The Al-Matrood Family

Two brothers, one thesis.

From Saihat to Eugene — a short record of where AMGIC comes from.

Almatrood National Dairy  ·  Eastern Province, Saudi Arabia

01 // The Brothers

Abdullah and Ibrahim Al-Matrood grew up in Saihat, in the Eastern Province of Saudi Arabia. As young boys they worked the farms for a single date a day, and eventually migrated to Bahrain — Ibrahim at eleven, Abdullah at nine — to find work the home soil could not yet offer them. From the start, the brothers did everything together.

02 // What They Built

When Aramco turned Abdullah away over a minor health issue, the brothers built their own enterprises instead. The National Laundry, the first automated in the Eastern Province, eventually counted Aramco itself among its customers. The dairy and food factory followed, then the bakeries.

Almatrood National Bakeries still operates in Saihat today, three generations on.

03 // The Family Today

Alongside the businesses, the brothers founded what became the first registered social services association in the Kingdom, focused on the elderly, the disabled, and the families they served. During the Second Gulf War, they opened their private gardens to shelter displaced Kuwaiti families. The work was never advertised. It was simply expected.

The Al-Matrood family remains rooted in the Eastern Province today. The bakeries are still running. The social services association is still operating. The next generations carry the same operating discipline forward.

Identify what does not yet exist.
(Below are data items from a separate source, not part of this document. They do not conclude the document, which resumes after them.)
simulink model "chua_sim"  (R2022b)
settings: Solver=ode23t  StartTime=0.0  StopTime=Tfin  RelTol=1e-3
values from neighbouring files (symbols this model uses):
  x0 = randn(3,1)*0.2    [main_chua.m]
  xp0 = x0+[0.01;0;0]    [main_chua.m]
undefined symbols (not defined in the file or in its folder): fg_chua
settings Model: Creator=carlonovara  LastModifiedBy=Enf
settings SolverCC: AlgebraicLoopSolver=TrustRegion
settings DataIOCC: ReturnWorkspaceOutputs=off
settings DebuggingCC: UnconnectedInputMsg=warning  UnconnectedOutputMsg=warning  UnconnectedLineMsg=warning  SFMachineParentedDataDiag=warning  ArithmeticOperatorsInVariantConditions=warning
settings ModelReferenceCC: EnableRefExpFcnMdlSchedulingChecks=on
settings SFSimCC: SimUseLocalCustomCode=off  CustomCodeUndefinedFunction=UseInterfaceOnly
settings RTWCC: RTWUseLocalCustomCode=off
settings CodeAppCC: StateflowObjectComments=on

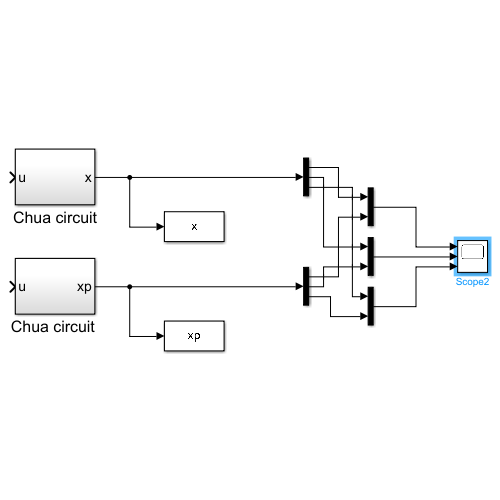
[thumbnail: Simulink's stored preview of the top-level diagram]
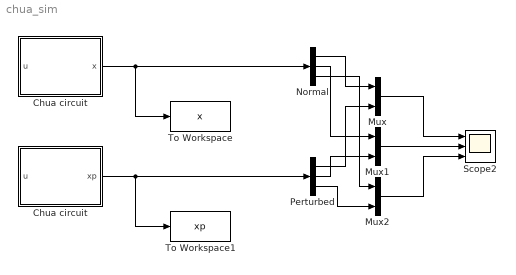
== system chua_sim ==
  Chua circuit : Subsystem
  "Chua circuit " : Subsystem
  Mux : Mux  Inputs=2
  Mux1 : Mux  Inputs=2
  Mux2 : Mux  Inputs=2
  Normal : Demux  Outputs=3
  Perturbed : Demux  Outputs=3
  Scope2 : Scope  NumInputPorts=3
  To Workspace : ToWorkspace  VariableName=x  SampleTime=-1
  To Workspace1 : ToWorkspace  VariableName=xp  SampleTime=-1
  wires:
  Chua circuit/1(x) -> To Workspace/1, Normal/1
  "Chua circuit "/1(xp) -> To Workspace1/1, Perturbed/1
  Mux/1 -> Scope2/1
  Mux1/1 -> Scope2/2
  Mux2/1 -> Scope2/3
  Normal/1 -> Mux/1
  Perturbed/1 -> Mux/2
  Normal/2 -> Mux1/1
  Perturbed/2 -> Mux1/2
  Normal/3 -> Mux2/1
  Perturbed/3 -> Mux2/2

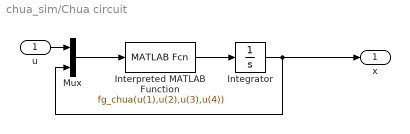
== system chua_sim/Chua circuit ==
  u : Inport
  Integrator : Integrator  InitialCondition=x0
  Interpreted MATLAB Function : MATLABFcn  MATLABFcn=fg_chua(u(1),u(2),u(3),u(4))  OutputDimensions=3
  Mux : Mux  Inputs=2
  x : Outport
  wires:
  u/1 -> Mux/1
  Interpreted MATLAB Function/1 -> Integrator/1
  Integrator/1 -> Mux/2, x/1
  Mux/1 -> Interpreted MATLAB Function/1

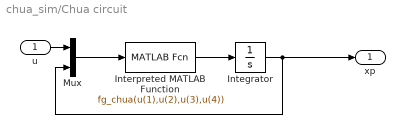
== system chua_sim/Chua circuit  ==
  u : Inport
  Integrator : Integrator  InitialCondition=xp0
  Interpreted MATLAB Function : MATLABFcn  MATLABFcn=fg_chua(u(1),u(2),u(3),u(4))  OutputDimensions=3
  Mux : Mux  Inputs=2
  xp : Outport
  wires:
  Mux/1 -> Interpreted MATLAB Function/1
  Integrator/1 -> Mux/2, xp/1
  Interpreted MATLAB Function/1 -> Integrator/1
  u/1 -> Mux/1

Build it with the precision required to last across generations.

The Al-Matrood Operating Tradition  ·  Saihat to Eugene

AMGIC is the next chapter — same family, same thesis. The refusal Abdullah received in Dhahran became infrastructure that served the institution that issued it. The pattern is held in the family across each new operating arm: refusal converted into infrastructure, capacity converted into refuge.